ACTIVITY |
Make an exact copy of every entry below, with the pictures left out.

EXCERPTED DATA |
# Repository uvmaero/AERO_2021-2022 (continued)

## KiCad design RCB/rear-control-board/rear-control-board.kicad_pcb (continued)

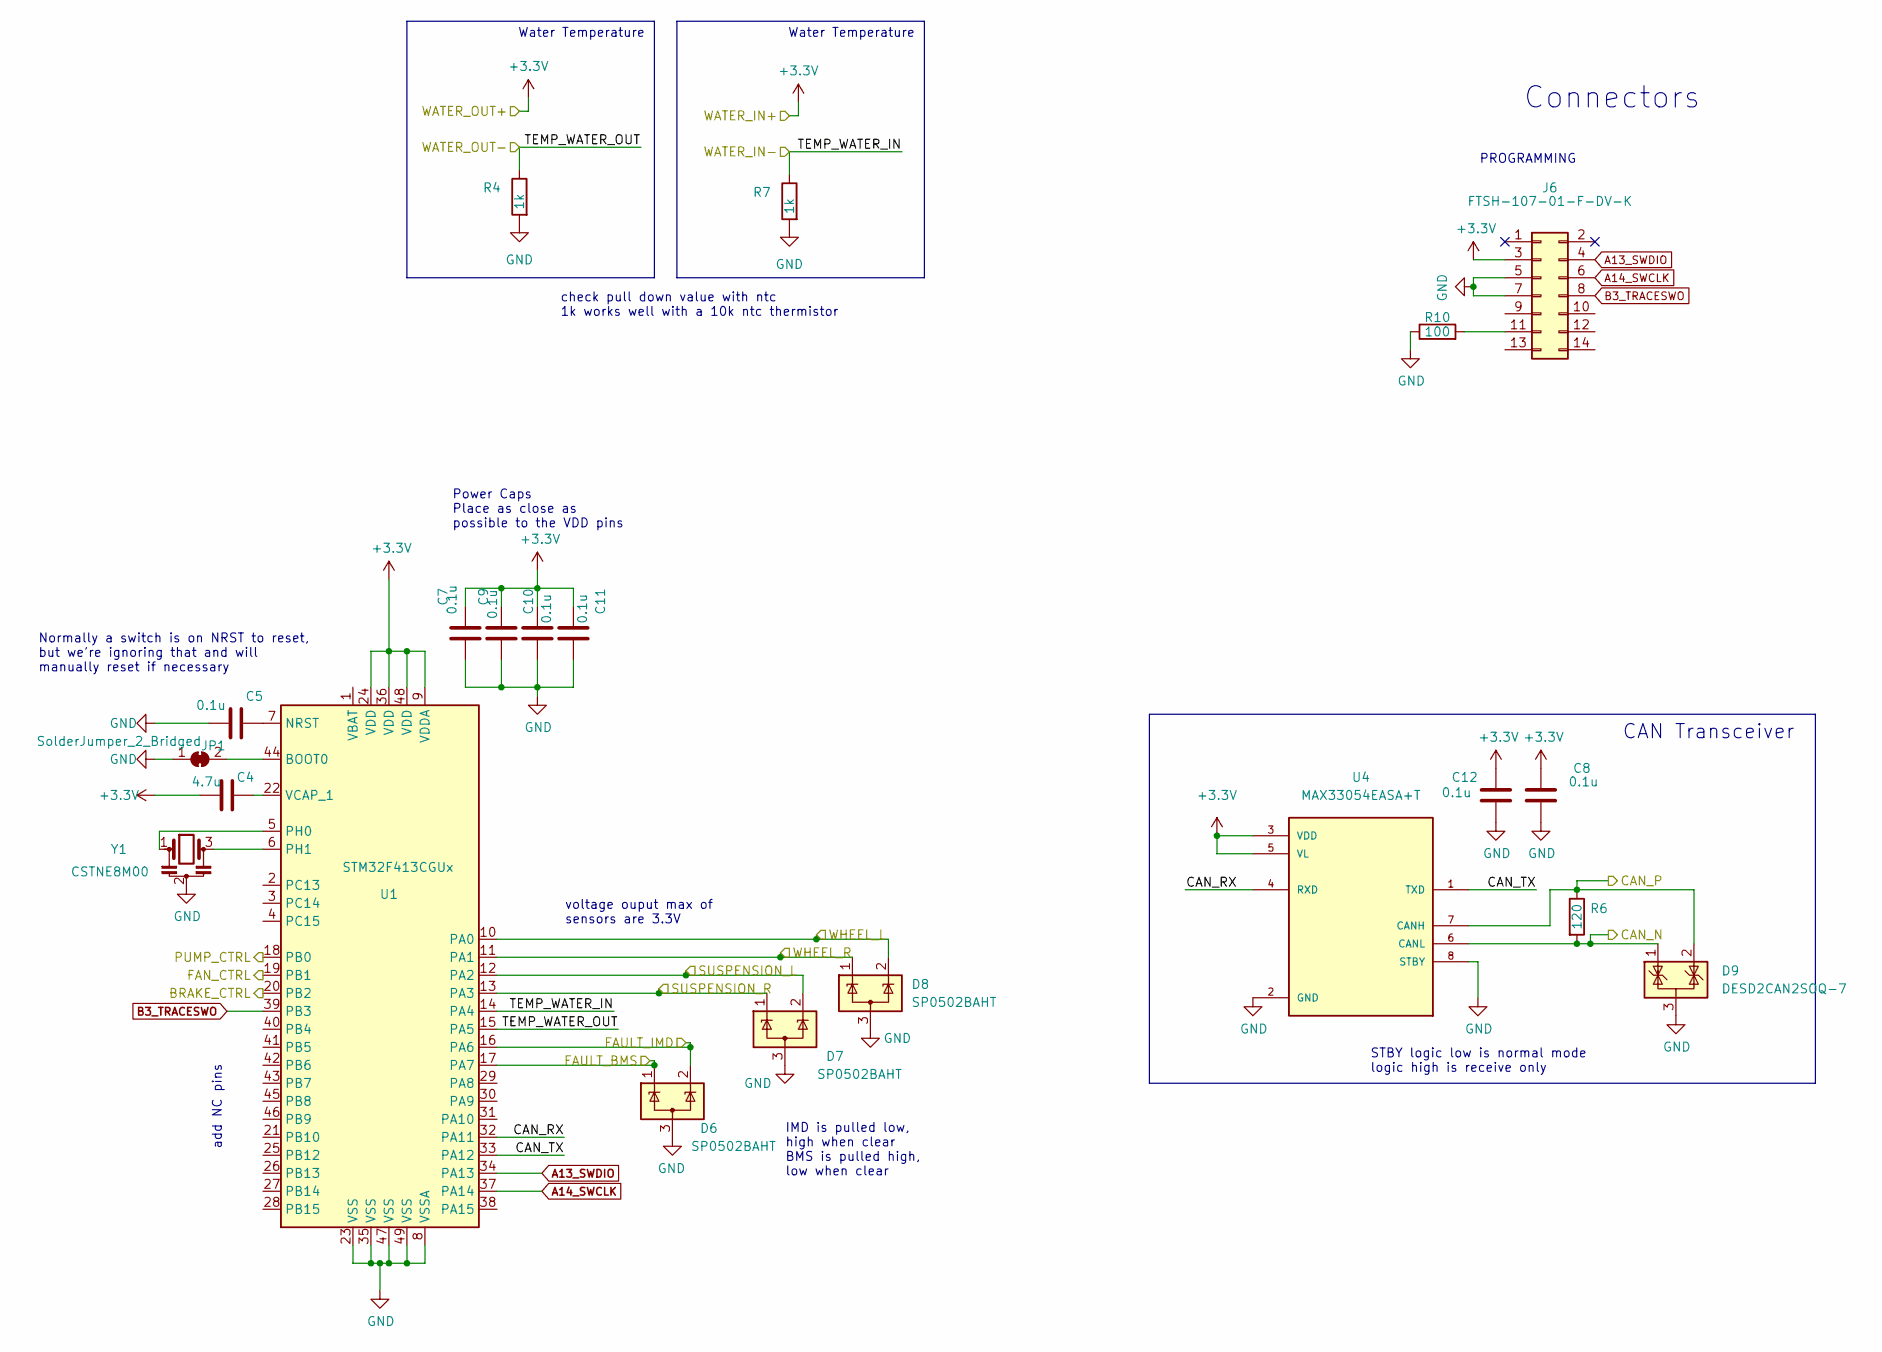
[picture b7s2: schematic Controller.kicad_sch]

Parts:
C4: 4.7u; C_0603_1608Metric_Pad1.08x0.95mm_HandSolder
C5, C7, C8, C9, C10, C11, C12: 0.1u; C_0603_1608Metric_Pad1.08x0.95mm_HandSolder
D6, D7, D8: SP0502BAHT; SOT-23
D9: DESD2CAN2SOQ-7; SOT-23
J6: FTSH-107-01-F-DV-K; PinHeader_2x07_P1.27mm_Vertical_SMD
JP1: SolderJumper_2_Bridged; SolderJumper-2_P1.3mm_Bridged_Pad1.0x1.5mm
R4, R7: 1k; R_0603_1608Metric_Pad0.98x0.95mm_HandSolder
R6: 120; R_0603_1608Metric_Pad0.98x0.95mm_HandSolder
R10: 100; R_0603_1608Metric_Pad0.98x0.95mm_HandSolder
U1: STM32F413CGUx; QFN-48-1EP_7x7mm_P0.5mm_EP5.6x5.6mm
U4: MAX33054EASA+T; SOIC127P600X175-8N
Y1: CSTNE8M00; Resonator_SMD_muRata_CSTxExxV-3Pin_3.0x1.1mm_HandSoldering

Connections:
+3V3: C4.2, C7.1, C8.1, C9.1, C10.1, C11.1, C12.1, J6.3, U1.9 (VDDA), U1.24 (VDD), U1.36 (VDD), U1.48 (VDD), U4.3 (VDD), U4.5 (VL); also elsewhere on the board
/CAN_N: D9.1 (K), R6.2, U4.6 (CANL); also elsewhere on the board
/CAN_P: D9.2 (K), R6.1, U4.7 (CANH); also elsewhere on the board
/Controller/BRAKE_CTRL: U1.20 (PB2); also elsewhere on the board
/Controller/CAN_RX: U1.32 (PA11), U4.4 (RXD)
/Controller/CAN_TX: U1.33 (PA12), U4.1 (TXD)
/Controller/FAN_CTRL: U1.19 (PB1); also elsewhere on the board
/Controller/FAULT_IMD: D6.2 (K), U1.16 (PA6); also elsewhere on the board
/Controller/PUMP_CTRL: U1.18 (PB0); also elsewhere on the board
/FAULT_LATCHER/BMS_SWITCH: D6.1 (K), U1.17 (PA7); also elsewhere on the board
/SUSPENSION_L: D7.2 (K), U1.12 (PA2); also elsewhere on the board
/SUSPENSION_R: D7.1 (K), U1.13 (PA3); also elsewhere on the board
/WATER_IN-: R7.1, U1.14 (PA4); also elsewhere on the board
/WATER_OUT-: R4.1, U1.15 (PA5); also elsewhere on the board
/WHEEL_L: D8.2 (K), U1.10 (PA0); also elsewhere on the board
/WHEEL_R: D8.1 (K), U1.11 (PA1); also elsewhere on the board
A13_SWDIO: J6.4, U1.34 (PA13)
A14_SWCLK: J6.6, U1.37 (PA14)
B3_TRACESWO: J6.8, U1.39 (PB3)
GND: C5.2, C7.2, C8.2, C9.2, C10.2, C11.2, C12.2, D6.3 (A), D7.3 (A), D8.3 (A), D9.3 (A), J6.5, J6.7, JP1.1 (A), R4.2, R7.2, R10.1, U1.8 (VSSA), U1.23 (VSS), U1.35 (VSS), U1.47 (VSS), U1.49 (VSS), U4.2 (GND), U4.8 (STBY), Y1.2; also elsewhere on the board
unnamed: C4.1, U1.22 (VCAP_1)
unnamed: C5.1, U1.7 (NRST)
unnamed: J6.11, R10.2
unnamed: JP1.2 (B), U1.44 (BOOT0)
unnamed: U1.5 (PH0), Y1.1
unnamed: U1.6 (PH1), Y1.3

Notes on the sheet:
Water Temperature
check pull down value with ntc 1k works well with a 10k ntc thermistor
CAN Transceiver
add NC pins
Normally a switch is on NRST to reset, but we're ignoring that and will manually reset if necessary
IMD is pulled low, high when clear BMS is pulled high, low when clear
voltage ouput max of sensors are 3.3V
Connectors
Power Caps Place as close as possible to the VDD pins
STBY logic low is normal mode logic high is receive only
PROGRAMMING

SOLUTION TO THE EXERCISE |
# Repository uvmaero/AERO_2021-2022 (continued)

## KiCad design RCB/rear-control-board/rear-control-board.kicad_pcb (continued)

[picture b7s2: schematic Controller.kicad_sch]

Parts:
C4: 4.7u; C_0603_1608Metric_Pad1.08x0.95mm_HandSolder
C5, C7, C8, C9, C10, C11, C12: 0.1u; C_0603_1608Metric_Pad1.08x0.95mm_HandSolder
D6, D7, D8: SP0502BAHT; SOT-23
D9: DESD2CAN2SOQ-7; SOT-23
J6: FTSH-107-01-F-DV-K; PinHeader_2x07_P1.27mm_Vertical_SMD
JP1: SolderJumper_2_Bridged; SolderJumper-2_P1.3mm_Bridged_Pad1.0x1.5mm
R4, R7: 1k; R_0603_1608Metric_Pad0.98x0.95mm_HandSolder
R6: 120; R_0603_1608Metric_Pad0.98x0.95mm_HandSolder
R10: 100; R_0603_1608Metric_Pad0.98x0.95mm_HandSolder
U1: STM32F413CGUx; QFN-48-1EP_7x7mm_P0.5mm_EP5.6x5.6mm
U4: MAX33054EASA+T; SOIC127P600X175-8N
Y1: CSTNE8M00; Resonator_SMD_muRata_CSTxExxV-3Pin_3.0x1.1mm_HandSoldering

Connections:
+3V3: C4.2, C7.1, C8.1, C9.1, C10.1, C11.1, C12.1, J6.3, U1.9 (VDDA), U1.24 (VDD), U1.36 (VDD), U1.48 (VDD), U4.3 (VDD), U4.5 (VL); also elsewhere on the board
/CAN_N: D9.1 (K), R6.2, U4.6 (CANL); also elsewhere on the board
/CAN_P: D9.2 (K), R6.1, U4.7 (CANH); also elsewhere on the board
/Controller/BRAKE_CTRL: U1.20 (PB2); also elsewhere on the board
/Controller/CAN_RX: U1.32 (PA11), U4.4 (RXD)
/Controller/CAN_TX: U1.33 (PA12), U4.1 (TXD)
/Controller/FAN_CTRL: U1.19 (PB1); also elsewhere on the board
/Controller/FAULT_IMD: D6.2 (K), U1.16 (PA6); also elsewhere on the board
/Controller/PUMP_CTRL: U1.18 (PB0); also elsewhere on the board
/FAULT_LATCHER/BMS_SWITCH: D6.1 (K), U1.17 (PA7); also elsewhere on the board
/SUSPENSION_L: D7.2 (K), U1.12 (PA2); also elsewhere on the board
/SUSPENSION_R: D7.1 (K), U1.13 (PA3); also elsewhere on the board
/WATER_IN-: R7.1, U1.14 (PA4); also elsewhere on the board
/WATER_OUT-: R4.1, U1.15 (PA5); also elsewhere on the board
/WHEEL_L: D8.2 (K), U1.10 (PA0); also elsewhere on the board
/WHEEL_R: D8.1 (K), U1.11 (PA1); also elsewhere on the board
A13_SWDIO: J6.4, U1.34 (PA13)
A14_SWCLK: J6.6, U1.37 (PA14)
B3_TRACESWO: J6.8, U1.39 (PB3)
GND: C5.2, C7.2, C8.2, C9.2, C10.2, C11.2, C12.2, D6.3 (A), D7.3 (A), D8.3 (A), D9.3 (A), J6.5, J6.7, JP1.1 (A), R4.2, R7.2, R10.1, U1.8 (VSSA), U1.23 (VSS), U1.35 (VSS), U1.47 (VSS), U1.49 (VSS), U4.2 (GND), U4.8 (STBY), Y1.2; also elsewhere on the board
unnamed: C4.1, U1.22 (VCAP_1)
unnamed: C5.1, U1.7 (NRST)
unnamed: J6.11, R10.2
unnamed: JP1.2 (B), U1.44 (BOOT0)
unnamed: U1.5 (PH0), Y1.1
unnamed: U1.6 (PH1), Y1.3

Notes on the sheet:
Water Temperature
check pull down value with ntc 1k works well with a 10k ntc thermistor
CAN Transceiver
add NC pins
Normally a switch is on NRST to reset, but we're ignoring that and will manually reset if necessary
IMD is pulled low, high when clear BMS is pulled high, low when clear
voltage ouput max of sensors are 3.3V
Connectors
Power Caps Place as close as possible to the VDD pins
STBY logic low is normal mode logic high is receive only
PROGRAMMING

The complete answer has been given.